Jurg Ott / 11 July 2011
Beijing Institute of Genomics

Disease-Associated Genotype Patterns

This document refers to our publication (Long et al 2009) on estimating genotype patterns (diplotypes) and testing for frequency differencies between case and control individuals. Here is a brief description on how to use our software called randompat, RP. It is currently available only for Windows PCs, but the source code (available from me) may be compiled for Linux PCs with the Free Pascal compiler. A Ukrainian (Belorussion?) translation of this document is available here.

Installation

Input Files

As mentioned above, there are two input files, a parameter file and a datafile. The sample parameter file provides a brief description on how to set up this file. The datafile must have the structure of a sumstat file and may or may not contain chromosomal information for the SNPs. Briefly, rows in the datafile correspond to SNPs and columns represent individuals, while the body of the file contains genotype codes, for example, 1 = AA, 2 = AB, 3 = BB, 0 = unknown. The last row contains indicator codes for disease status, for example, 1 = control, 2 = case (affected). The last three columns are optional and may specify chromosome number, position, and marker identifier.

Your data may be in plink format, in which case you may use the included program, p2s, to convert the plink files to sumstat format. Using plink and assuming you have files called data.ped and data.map, you first must produce transposed datasets with the command,
  plink --file data --transpose --recode12
Then run the conversion program, p2s, and follow instructions.

Interpretation of Output

As described in our publication (Long et al 2009), the randompat program picks m SNPs on the basis of their individual significance for association. This can be done with the allele test (based on 2x2 tables of alleles) or the genotype test. Naturally, the order of SNPs picked is generally different depending on which test statistic is used to pick SNPs. The number m of SNPs for which genotype patterns are formed is an input quantity. Two parameter files are included in this package, RPparamZee2.txt and RPparamZee3.txt. They differ in the test type used to pick SNPs. The sample dataset provided here was previously described (Hoh et al 2001).

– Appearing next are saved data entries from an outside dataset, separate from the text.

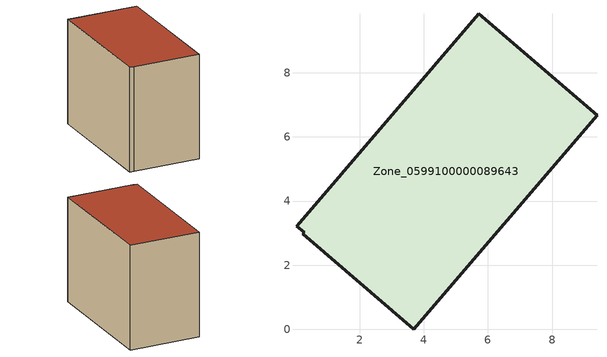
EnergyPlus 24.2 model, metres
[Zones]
Zone_0599100000089643
 floor ground (C_G): 0.03,3.21 5.71,9.84 9.4,6.67 3.69,0 0.23,2.97 0.27,3.02 z0
 wall outside (C_F): 9.4,6.67 5.71,9.84 0.03,3.21 0.27,3.02 0.23,2.97 3.69,0 9.4,6.67 z0:7.17
 roof outside (C_R): 5.71,9.84 0.03,3.21 0.27,3.02 0.23,2.97 3.69,0 9.4,6.67 z7.17
[BUILDING]
Pand.0599100000089643: North Axis=0; Terrain=City; Loads Convergence Tolerance Value=0.04; Temperature Convergence Tolerance Value=0.4; Solar Distribution=FullExterior; Maximum Number of Warmup Days=25; Minimum Number of Warmup Days=1
[Site:Location]
Rotterdam.The.Hague.AP_ZH_NLD Design_Conditions: Latitude=51.96; Longitude=4.45; Time Zone=1; Elevation=-4.5
[SITE:GROUNDTEMPERATURE:BUILDINGSURFACE]
18, 18, 18, 18, 18, 18, 18, 18, 18, 18, 18, 18
[MATERIAL] Thermal Absorptance=0.9; Solar Absorptance=0.7; Visible Absorptance=0.7
Name | Roughness | Thickness | Conductivity | Density | Specific Heat
G.TI.1946 | MediumSmooth | 0.15 | 1 | 540 | 1210
F.TI.1946 | Rough | 0.3 | 0.857143 | 1920 | 840
R.TI.1946 | MediumRough | 0.2 | 0.1 | 1500 | 1000
[CONSTRUCTION]
C_G: G.TI.1946
C_F: F.TI.1946
C_R: R.TI.1946
[ZONE]
Zone_0599100000089643: Type=1; Multiplier=1; Ceiling Height=Autocalculate; Volume=Autocalculate; Floor Area=autocalculate; Part of Total Floor Area=Yes
[ZONEINFILTRATION:DESIGNFLOWRATE]
Infil_Zone_0599100000089643: Zone or ZoneList or Space or SpaceList=Zone_0599100000089643; Schedule=AlwaysOn; Design Flow Rate Calculation Method=Flow/Area; Flow Rate per Floor Area=0.003; Constant Term Coefficient=1; Temperature Term Coefficient=0; Velocity Term Coefficient=0; Velocity Squared Term Coefficient=0
[HVACTEMPLATE:ZONE:IDEALLOADSAIRSYSTEM]
Zone_0599100000089643: Maximum Heating Supply Air Temperature=50; Minimum Cooling Supply Air Temperature=13; Maximum Heating Supply Air Humidity Ratio=0.0156; Minimum Cooling Supply Air Humidity Ratio=0.0077; Heating Limit=NoLimit; Cooling Limit=NoLimit; Dehumidification Control Type=ConstantSensibleHeatRatio; Cooling Sensible Heat Ratio=0.7; Dehumidification Setpoint=60; Humidification Control Type=None; Humidification Setpoint=30; Outdoor Air Method=None; Outdoor Air Flow Rate per Person=0.00944; Outdoor Air Flow Rate per Zone Floor Area=0; Outdoor Air Flow Rate per Zone=0; Demand Controlled Ventilation Type=None; Outdoor Air Economizer Type=NoEconomizer; Heat Recovery Type=None; Sensible Heat Recovery Effectiveness=0.7; Latent Heat Recovery Effectiveness=0.65
[ZONECONTROL:THERMOSTAT]
ThermostatControl_Zone_0599100000089643: Zone or ZoneList=Zone_0599100000089643; Control Type Schedule=DualSetpointControlType; Control 1=Thermostat_Zone_0599100000089643; Temperature Difference Between Cutout And Setpoint=0
[THERMOSTATSETPOINT:DUALSETPOINT]
Thermostat_Zone_0599100000089643: Heating Setpoint Temperature Schedule=HeatingSetpoint_Zone_0599100000089643; Cooling Setpoint Temperature Schedule=CoolingSetpoint_Zone_0599100000089643
[SCHEDULE:COMPACT]
HeatingSetpoint_Zone_0599100000089643: Through: 12/31, For: AllDays, Until: 24:00, 21
CoolingSetpoint_Zone_0599100000089643: Through: 12/31, For: AllDays, Until: 24:00, 24
DualSetpointControlType: Through: 12/31, For: AllDays, Until: 24:00, 4
AlwaysOn: Through: 12/31, For: AllDays, Until: 24:00, 1
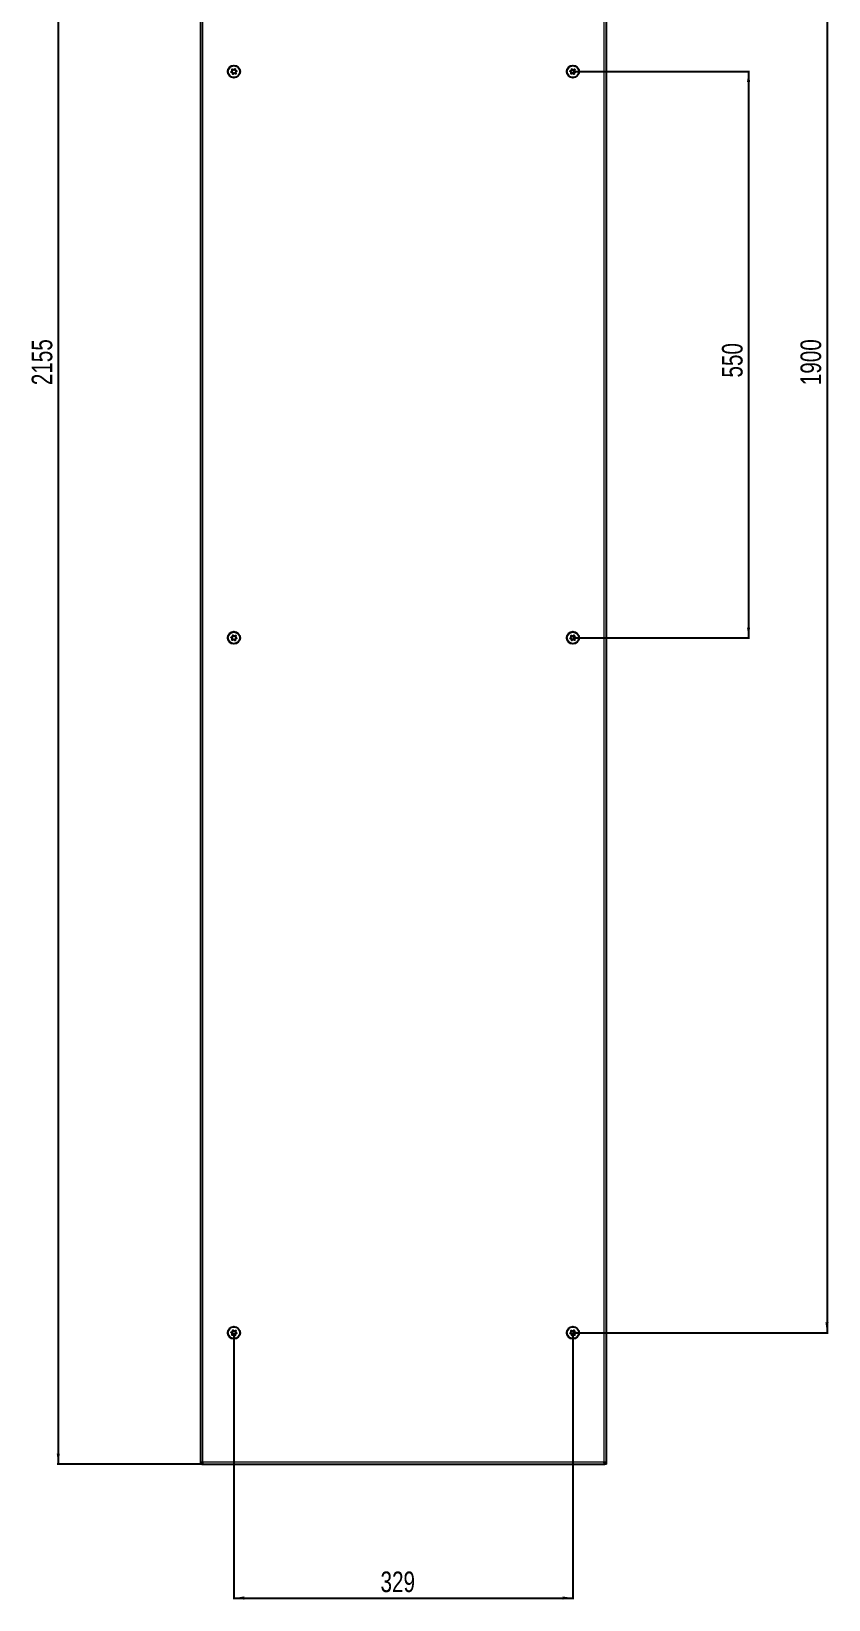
# Model space of a CAD drawing. Header units: millimetres. Extents: x -82 to 1509, y -1292 to 1206.
# Drawn here: x -82 to 692, y -1292 to 231 of the extents above; entities that cross this region are included whole.
import ezdxf

# ---------------------------------------------------------------- set-up
doc = ezdxf.new("R2010")
doc.units = ezdxf.units.MM
doc.layers.add('FORMAT', color=7, linetype='Continuous')
doc.styles.add('SLDTEXTSTYLE0', font='TXT', dxfattribs={"width": 0.75})
doc.dimstyles.new('SLDDIMSTYLE1', dxfattribs={"dimtxt": 20, "dimasz": 10, "dimexe": 0, "dimexo": 0.0625, "dimgap": 5, "dimtad": 2, "dimdec": 1, "dimrnd": 1e-09, "dimzin": 12, "dimdsep": 46, "dimtxsty": 'SLDTEXTSTYLE0', "dimsah": 1, "dimcen": 0.09, "dimadec": 0, "dimazin": 3, "dimtfac": 1, "dimtofl": 0, "dimtmove": 0, "dimatfit": 3, "dimfxl": 0, "dimfrac": 2, "dimtolj": 1, "dimtzin": 12, "dimarcsym": 0})

# ---------------------------------------------------------------- blocks, each defined once
blk = doc.blocks.new('_D_1')
at = {"layer": 'FORMAT'}
for p, q in [((81.9, 994.6), (-57.1, 994.6)), ((-56.1, 994.6), (-56.1, -1160.4)), ((81.9, -1160.4), (-57.1, -1160.4))]:
    blk.add_line(p, q, dxfattribs=at)
for points in [[(-56.1, 994.6), (-57.6, 984.6), (-54.6, 984.6)], [(-56.1, -1160.4), (-54.6, -1150.4), (-57.6, -1150.4)]]:
    blk.add_solid(points, dxfattribs=at)
at = {"layer": 'FORMAT', "insert": (-81.9, -112.5), "char_height": 20, "attachment_point": 1, "rotation": 90, "style": 'SLDTEXTSTYLE0'}
blk.add_mtext('2155', dxfattribs=at)
blk = doc.blocks.new('_D_3')
at = {"layer": 'FORMAT'}
for p, q in [((443.4, 867.1), (691.1, 867.1)), ((690.1, 867.1), (690.1, -1032.9)), ((443.4, -1032.9), (691.1, -1032.9))]:
    blk.add_line(p, q, dxfattribs=at)
for points in [[(690.1, 867.1), (688.5, 857.1), (691.6, 857.1)], [(690.1, -1032.9), (691.6, -1022.9), (688.5, -1022.9)]]:
    blk.add_solid(points, dxfattribs=at)
at = {"layer": 'FORMAT', "insert": (664.3, -112.5), "char_height": 20, "attachment_point": 1, "rotation": 90, "style": 'SLDTEXTSTYLE0'}
blk.add_mtext('1900', dxfattribs=at)
blk = doc.blocks.new('_D_4')
at = {"layer": 'FORMAT'}
for p, q in [((114.4, -1032.9), (114.4, -1291.6)), ((443.4, -1032.9), (443.4, -1291.6)), ((114.4, -1290.6), (443.4, -1290.6))]:
    blk.add_line(p, q, dxfattribs=at)
for points in [[(114.4, -1290.6), (124.4, -1292.1), (124.4, -1289)], [(443.4, -1290.6), (433.4, -1289), (433.4, -1292.1)]]:
    blk.add_solid(points, dxfattribs=at)
at = {"layer": 'FORMAT', "insert": (256.7, -1264.8), "char_height": 20, "attachment_point": 1, "style": 'SLDTEXTSTYLE0'}
blk.add_mtext('329', dxfattribs=at)
blk = doc.blocks.new('_D_5')
at = {"layer": 'FORMAT'}
for p, q in [((443.4, 192.1), (614.9, 192.1)), ((613.9, 192.1), (613.9, -357.9)), ((443.4, -357.9), (614.9, -357.9))]:
    blk.add_line(p, q, dxfattribs=at)
for points in [[(613.9, 192.1), (612.4, 182.1), (615.4, 182.1)], [(613.9, -357.9), (615.4, -347.9), (612.4, -347.9)]]:
    blk.add_solid(points, dxfattribs=at)
at = {"layer": 'FORMAT', "insert": (588.1, -105.1), "char_height": 20, "attachment_point": 1, "rotation": 90, "style": 'SLDTEXTSTYLE0'}
blk.add_mtext('550', dxfattribs=at)

msp = doc.modelspace()

# ---------------------------------------------------------------- linework, layer by layer
at = {"color": 7, "linetype": 'Continuous', "lineweight": 25}
for p, q in [((81.9, 994.59), (81.9, -1160.41)), ((475.9, -1160.41), (475.9, 994.59)), ((83.4, -1160.41), (81.9, -1160.41)), ((83.4, -1160.41), (83.6, -1160.41)), ((83.6, -1159.3), (83.6, -1160.41)), ((83.6, -1160.41), (474.2, -1160.41)), ((474.2, -1159.3), (474.2, -1160.41)), ((474.2, -1160.41), (474.4, -1160.41)), ((475.9, -1160.41), (474.4, -1160.41))]:
    msp.add_line(p, q, dxfattribs=at)
at = {"color": 8, "linetype": 'Continuous', "lineweight": 18}
for p, q in [((84, 992.49), (84, -1158.31)), ((473.8, -1158.31), (473.8, 992.49)), ((84, -1158.31), (473.8, -1158.31))]:
    msp.add_line(p, q, dxfattribs=at)
at = {"color": 7, "linetype": 'Continuous', "lineweight": 25}
for centre, radius in [((114.4, 192.09), 6), ((443.4, 192.09), 6), ((114.4, 192.09), 5.78), ((114.4, 192.09), 1.85), ((443.4, 192.09), 5.78), ((443.4, 192.09), 1.85), ((114.4, -357.91), 6), ((114.4, -357.91), 5.78), ((114.4, -357.91), 1.85), ((443.4, -357.91), 6), ((443.4, -357.91), 5.78), ((443.4, -357.91), 1.85), ((114.4, -1032.91), 6), ((114.4, -1032.91), 5.78), ((114.4, -1032.91), 1.85), ((443.4, -1032.91), 6), ((443.4, -1032.91), 5.78), ((443.4, -1032.91), 1.85)]:
    msp.add_circle(centre, radius, dxfattribs=at)
for points, knots in [([(115.44, 194.69), (115.42, 194.69), (115.4, 194.7), (115.34, 194.68), (115.22, 194.61), (114.92, 194.35), (114.51, 194), (113.89, 193.88), (113.4, 194.04), (113.04, 194.21), (112.82, 194.29), (112.73, 194.31), (112.68, 194.3), (112.66, 194.28), (112.64, 194.25), (112.62, 194.19), (112.64, 193.92), (112.75, 193.46), (112.75, 192.74), (112.26, 192.23), (111.86, 191.97), (111.66, 191.79), (111.63, 191.73), (111.62, 191.69), (111.63, 191.66), (111.65, 191.63), (111.68, 191.61), (111.76, 191.56), (111.96, 191.48), (112.33, 191.35), (112.79, 191.13), (113.16, 190.62), (113.22, 190.08), (113.26, 189.69), (113.3, 189.55), (113.33, 189.5), (113.36, 189.48), (113.4, 189.48), (113.45, 189.49), (113.58, 189.57), (113.87, 189.82), (114.28, 190.17), (114.91, 190.29), (115.4, 190.13), (115.75, 189.97), (115.98, 189.88), (116.07, 189.87), (116.11, 189.87), (116.14, 189.89), (116.16, 189.92), (116.18, 189.99), (116.15, 190.25), (116.04, 190.72), (116.05, 191.43), (116.53, 191.95), (116.93, 192.2), (117.13, 192.38), (117.17, 192.45), (117.17, 192.48), (117.16, 192.51), (117.14, 192.54), (117.11, 192.57), (117.04, 192.61), (116.83, 192.7), (116.47, 192.82), (116, 193.04), (115.63, 193.55), (115.58, 194.09), (115.54, 194.48), (115.5, 194.62), (115.46, 194.67), (115.44, 194.68), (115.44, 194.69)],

Running the RPparamZee3.txt file produces the following output:

Program RANDOMPAT version 11 Nov 2009

Sample data
Input file = ZeeData.txt
Number of observations = 779
Number of SNPs = 88
Pattern is rare when exp #obs <  1.00 in cases or controls
Number of permutations = 10000
SNPs picked by genotype test. Lambda = 1.0000

=== Observed data, best 2 SNPs ===
TestSNP   seq.#      chi-sq     p-value chr   position  name
      1      24      9.5254 8.5425E-003   5        231 CD14_05q31
      2      75      7.8312 1.9928E-002  17        113 TP53-2_17p13
779 of 779 individuals showed complete patterns

Observed table of genotype patterns and odds ratios
Controls   Cases  Pattern  OR
      95     112  2 3      1.753
     101      73  2 2      0.903
      59      27  1 2      0.549
      63      30  3 3      0.571
      55      59  1 3      1.448
      40      27  3 2      0.851
      11       8  2 1      0.928
       8       1  3 1      0.157
       5       5  1 1      1.282
sum  437     342  Total = 779
p = 5.0810E-004 for table of genotype patterns

=== Randomized adjusted p-values ===
Test SNP 1    5123/10000 = 5.1230E-001 = 0.5123
Test SNP 2    5118/10000 = 5.1180E-001 = 0.5118
     Table    1272/10000 = 1.2720E-001 = 0.1272

Initial seed = 6668993751905812589
*** Sun 15 Nov 2009   4:36:47h  ***
*** Sun 15 Nov 2009   4:36:55h  ***

For this run, the program picked the two SNPs with smallest p-values in the genotype association test (chi-square with 2 df), then formed genotype patterens and listed all patterns with an expected number of observations >1 in cases and controls each. It turns out that all possible 3 x 3 = 9 patterns occur in this dataset. The pattern with strongest disease association, judged by the odds ratio, OR = 1.753, is 2-3 (AB-BB) at test SNPs 1 and 2, respectively. On the other hand, the pattern showing the strongest association with absence of disease is 0.157 (1/OR = 6.37). Based on numbers of observations, one should now compute confidence intervals on these ORs in order to interpret them reasonably. For example, for the 2-3 pattern, numbers of observations may be displayed as follows:

cases controls
pattern 2-3 112 95
other patterns 230 342
total 342 437

The 2BY2 program furnishes OR = 1.753 and an associated 95% confidence interval of (1.272, 2.415).

References

Hoh, J., Wille, A., and Ott, J. 2001. Trimming, weighting, and grouping SNPs in human case-control association studies. Genome Res 11(12): 2115-2119.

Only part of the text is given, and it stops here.